Today I'm working on the InfoSec 101 awareness seminar for professionals, by which I mean workers with a professional interest in information security.
As with the staff and management seminars, the aim is to cover the basics in a way that appeals to the audience: I figure the professionals are more clued-up than most, particularly on technology, so it's appropriate to go into a little more depth here on the fundamental concepts ... starting with risk and control.
The diagram above represents the nature of risk i.e. 'uncertain outcome'. That's a seminar slide's worth, with a few words from the presenter briefly explaining each of the red-amber-green spectra as they appear on the screen.

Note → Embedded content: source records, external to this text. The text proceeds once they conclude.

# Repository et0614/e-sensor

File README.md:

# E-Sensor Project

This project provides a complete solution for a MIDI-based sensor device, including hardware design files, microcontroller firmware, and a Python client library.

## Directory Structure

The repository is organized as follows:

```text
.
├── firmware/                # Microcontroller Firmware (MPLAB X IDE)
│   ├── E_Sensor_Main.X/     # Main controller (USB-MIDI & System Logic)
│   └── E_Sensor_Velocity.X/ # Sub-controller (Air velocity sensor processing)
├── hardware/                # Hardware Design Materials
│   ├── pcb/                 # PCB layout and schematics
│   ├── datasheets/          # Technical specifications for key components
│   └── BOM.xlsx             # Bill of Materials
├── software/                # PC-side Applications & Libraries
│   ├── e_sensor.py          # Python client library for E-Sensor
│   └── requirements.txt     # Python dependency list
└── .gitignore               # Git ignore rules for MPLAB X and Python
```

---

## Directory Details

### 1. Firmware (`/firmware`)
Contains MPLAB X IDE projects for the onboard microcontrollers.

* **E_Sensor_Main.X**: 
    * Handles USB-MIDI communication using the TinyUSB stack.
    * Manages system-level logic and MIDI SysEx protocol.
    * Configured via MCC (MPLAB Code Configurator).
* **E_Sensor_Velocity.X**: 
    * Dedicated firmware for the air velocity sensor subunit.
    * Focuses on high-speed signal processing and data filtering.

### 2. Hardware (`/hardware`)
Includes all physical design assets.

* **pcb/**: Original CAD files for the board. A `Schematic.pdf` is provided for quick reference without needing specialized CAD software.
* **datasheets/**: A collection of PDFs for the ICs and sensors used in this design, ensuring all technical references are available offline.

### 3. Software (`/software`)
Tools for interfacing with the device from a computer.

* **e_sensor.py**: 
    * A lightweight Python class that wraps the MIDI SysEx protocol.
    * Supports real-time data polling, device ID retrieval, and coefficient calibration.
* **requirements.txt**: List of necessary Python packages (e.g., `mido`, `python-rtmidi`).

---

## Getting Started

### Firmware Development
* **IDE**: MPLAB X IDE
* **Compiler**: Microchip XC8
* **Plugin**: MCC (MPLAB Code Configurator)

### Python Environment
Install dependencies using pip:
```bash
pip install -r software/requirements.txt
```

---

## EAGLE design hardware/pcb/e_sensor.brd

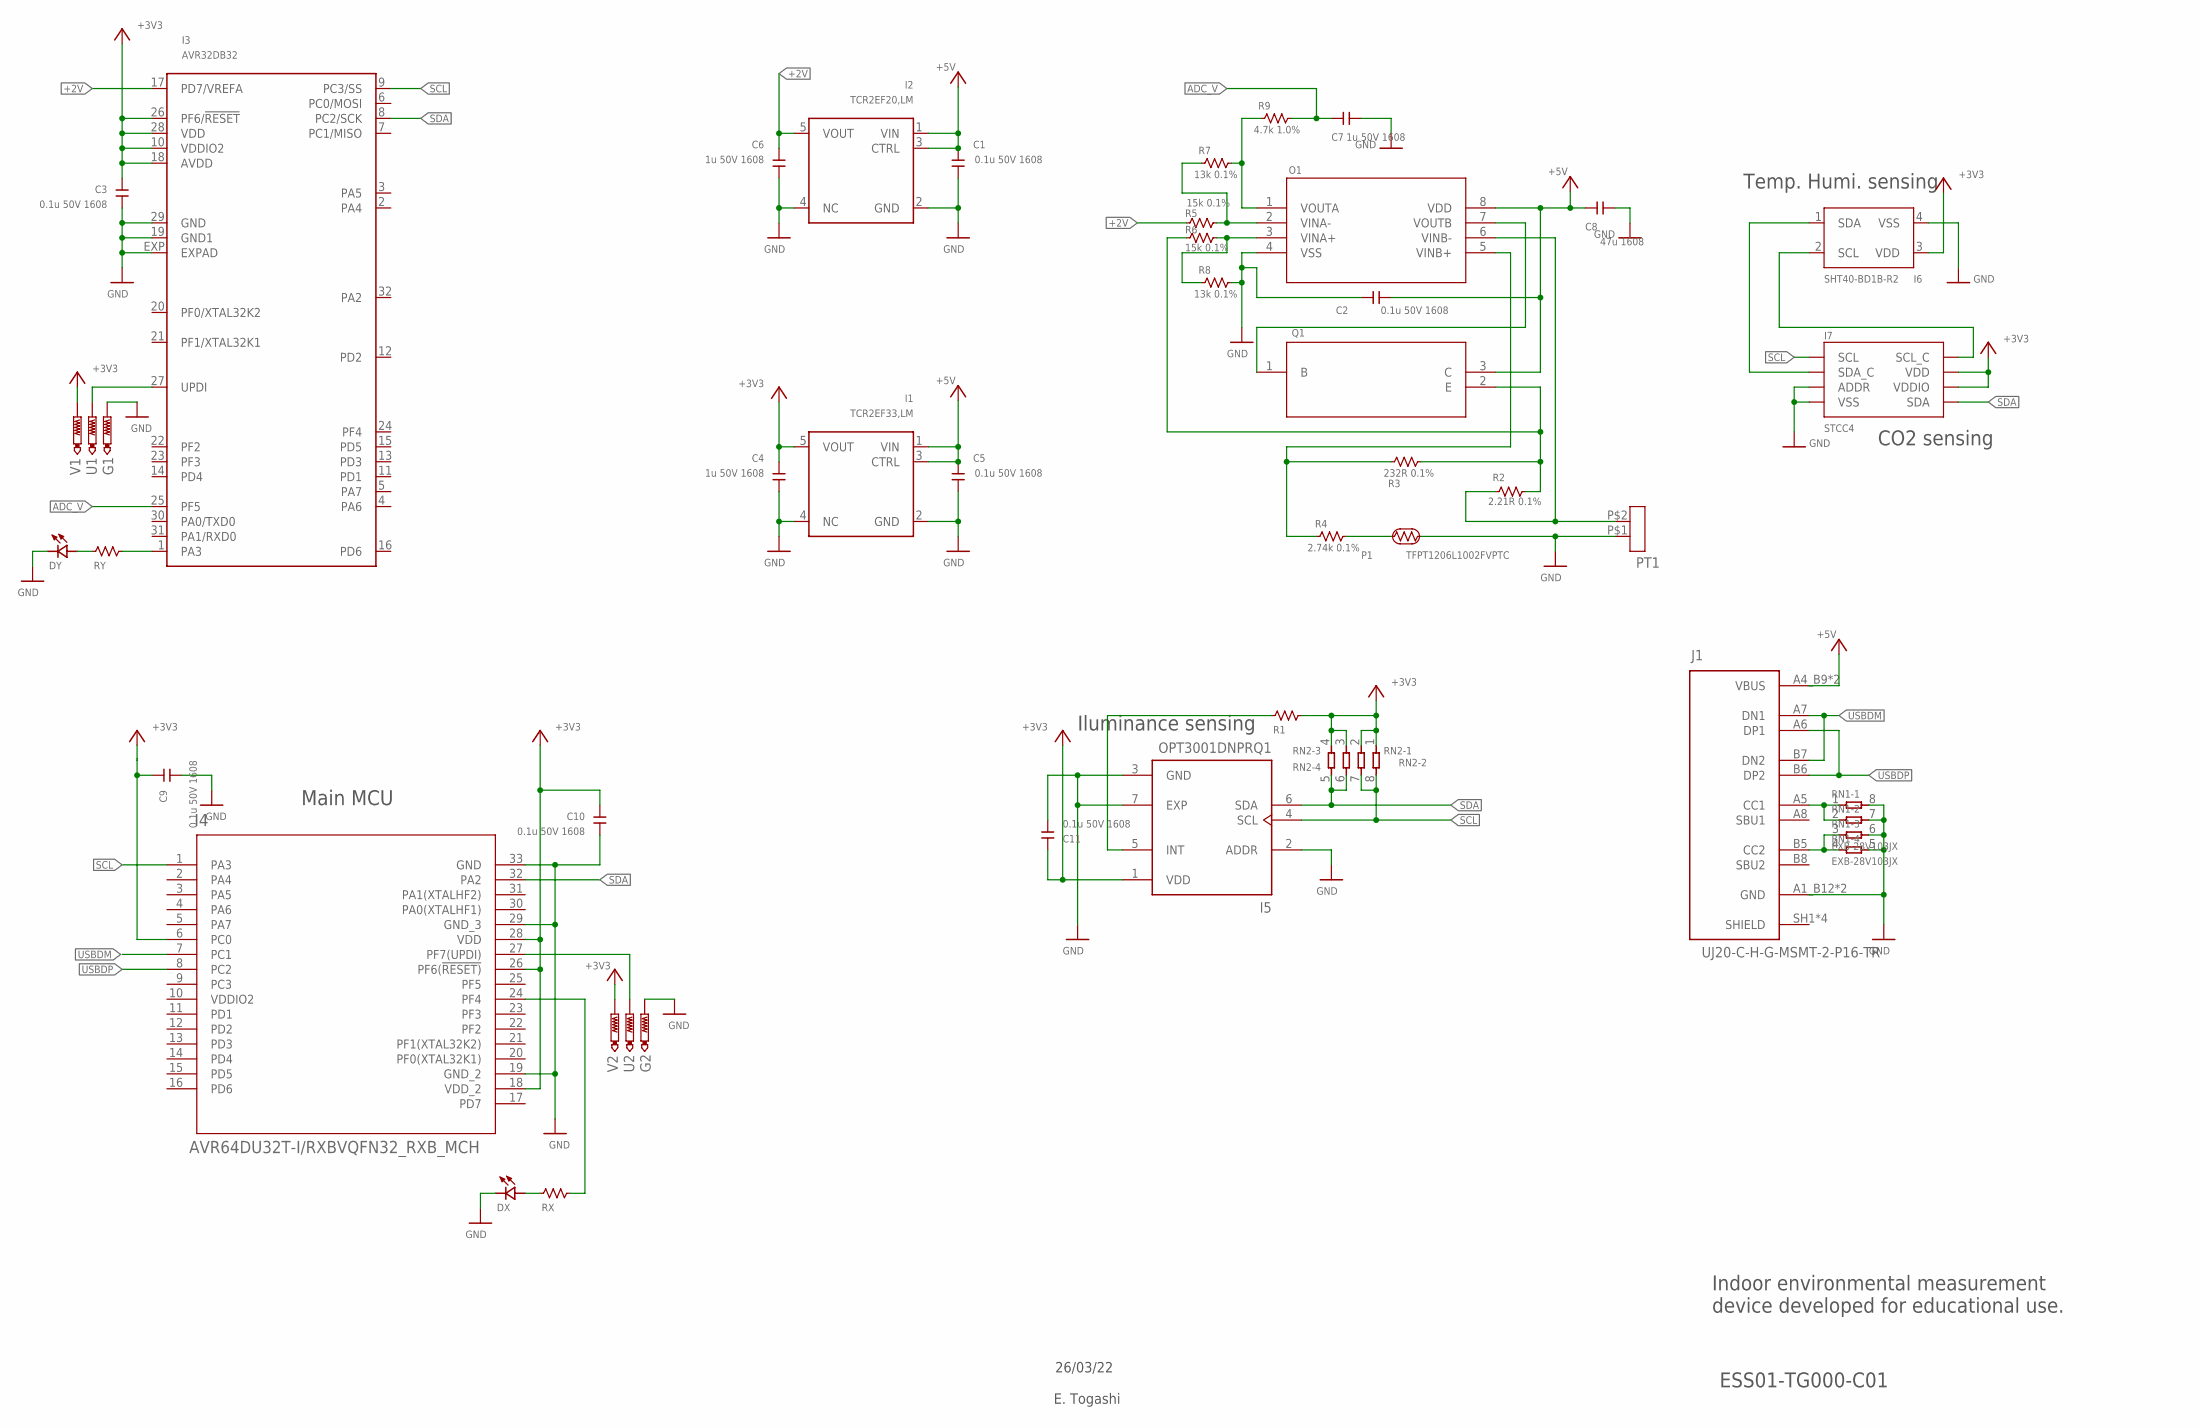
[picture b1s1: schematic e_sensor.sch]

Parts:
C1, C2, C3, C5, C9, C10, C11: 0.1u 50V 1608; C-1608/0603
C4, C6, C7: 1u 50V 1608; C-1608/0603
C8: 47u 1608; C-1608/0603
DX: SML-D12D1WT86; SMD-1608
DY: SML-D12D1WT86; SMD-1608
G1, G2: PTR1B1,27; B1,27
I1: TCR2EF33,LM; SOT23-5L
I2: TCR2EF20,LM; SOT23-5L
I3: AVR32DB32; HVQFN32
I4: AVR64DU32T-I/RXBVQFN32_RXB_MCH; VQFN32_RXB_MCH
I5: OPT3001DNPRQ1; SON65P200X200X65-7N
I6: SHT40-BD1B-R2; SHT41
I7: STCC4
J1: UJ20-C-H-G-MSMT-2-P16-TR; SAMESKY_UJ20-C-H-G-MSMT-2-P16-TR
O1: MCP6V02T-E/MDDFN8_4X4MC_MCH; DFN8_4X4MC_MCH
P1: TFPT1206L1002FVPTC; C1206
PT1: VELHOLE
Q1: MMBT3904-7-FSOT-23_1_DIO; SOT-23_1_DIO
R1: 510R 1608; R-1608/0603
R2: 2.21R 0.1%; R-1608/0603
R3: 232R 0.1%; R-1608/0603
R4: 2.74k 0.1%; R-1608/0603
R5, R6: 15k 0.1%; R-1608/0603
R7, R8: 13k 0.1%; R-1608/0603
R9: 4.7k 1.0%; R-1608/0603
RN1, RN2: EXB-28V103JX; RESCAXS50P200X100X45-8N
RX: 510R 1608; R-1608/0603
RY: 510R 1608; R-1608/0603
U1, U2: PTR1B1,27; B1,27
V1, V2: PTR1B1,27; B1,27

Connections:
+2V: C6.P$1 (1), I2.5 (VOUT), I3.17 (PD7/VREFA), R5.1
+3V3: C3.P$1 (1), C4.P$1 (1), C9.P$1 (1), C10.P$1 (1), C11.P$1 (1), I1.5 (VOUT), I3.10 (VDDIO2), I3.18 (AVDD), I3.26 (PF6/!RESET), I3.28 (VDD), I4.6 (PC0), I4.18 (VDD_2), I4.26 (PF6(!RESET)), I4.28 (VDD), I5.1 (VDD), I6.3 (VDD), I7.VDD, I7.VDDIO, R1.2, RN2.1, RN2.2 (1), RN2.3 (1), RN2.4 (1), V1.TP, V2.TP
+5V: C1.P$1 (1), C2.P$1 (1), C5.P$1 (1), C8.P$1 (1), I1.1 (VIN), I1.3 (CTRL), I2.1 (VIN), I2.3 (CTRL), J1.A4_B9 (VBUS), J1.B4_A9 (VBUS), O1.8 (VDD), Q1.3 (C)
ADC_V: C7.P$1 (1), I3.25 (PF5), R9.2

The next slide contrasts two complementary forms of control: either we stop harmful things from occurring by avoiding, preventing or mitigating incidents, or we ensure that good things occur - and that's an intriguing thought. What does that actually mean in this context?
'Prevent bad stuff' is what most people think security is all about ... but wait, there's more. 'Protect good stuff' refers to maintaining the confidentiality, integrity and availability of information, thereby supporting and enabling business activities which use and depend on information.
Looking again at those two images, the simpler, cleaner style of the 'control' one seems more elegant and better suited to InfoSec 101, so I will redraw the 'risk' one in the same style.
We could stop right there with a 2-slide InfoSec 101 pro seminar but, tempting as it may be, that's arguably a simplification step too far. An unknown proportion of the pro audience may have no background or interest in this area, and some will doubtless be flagging under the onslaught of this and other induction courses.
From there, we will briefly cover information risk management and information security management, mentioning a few basic security controls as examples of things we're using to manage information risk. The seminar will wrap up by returning to the business aspects - the reasons why InfoSec is important. And that's that. Bish bash bosh, job's a good'un. Simple enough when you know how ... thanks to, ooh, 17 years of full-time effort plus a couple of decades before that preparing and delivering occasional courses, seminars, reports and awareness activities.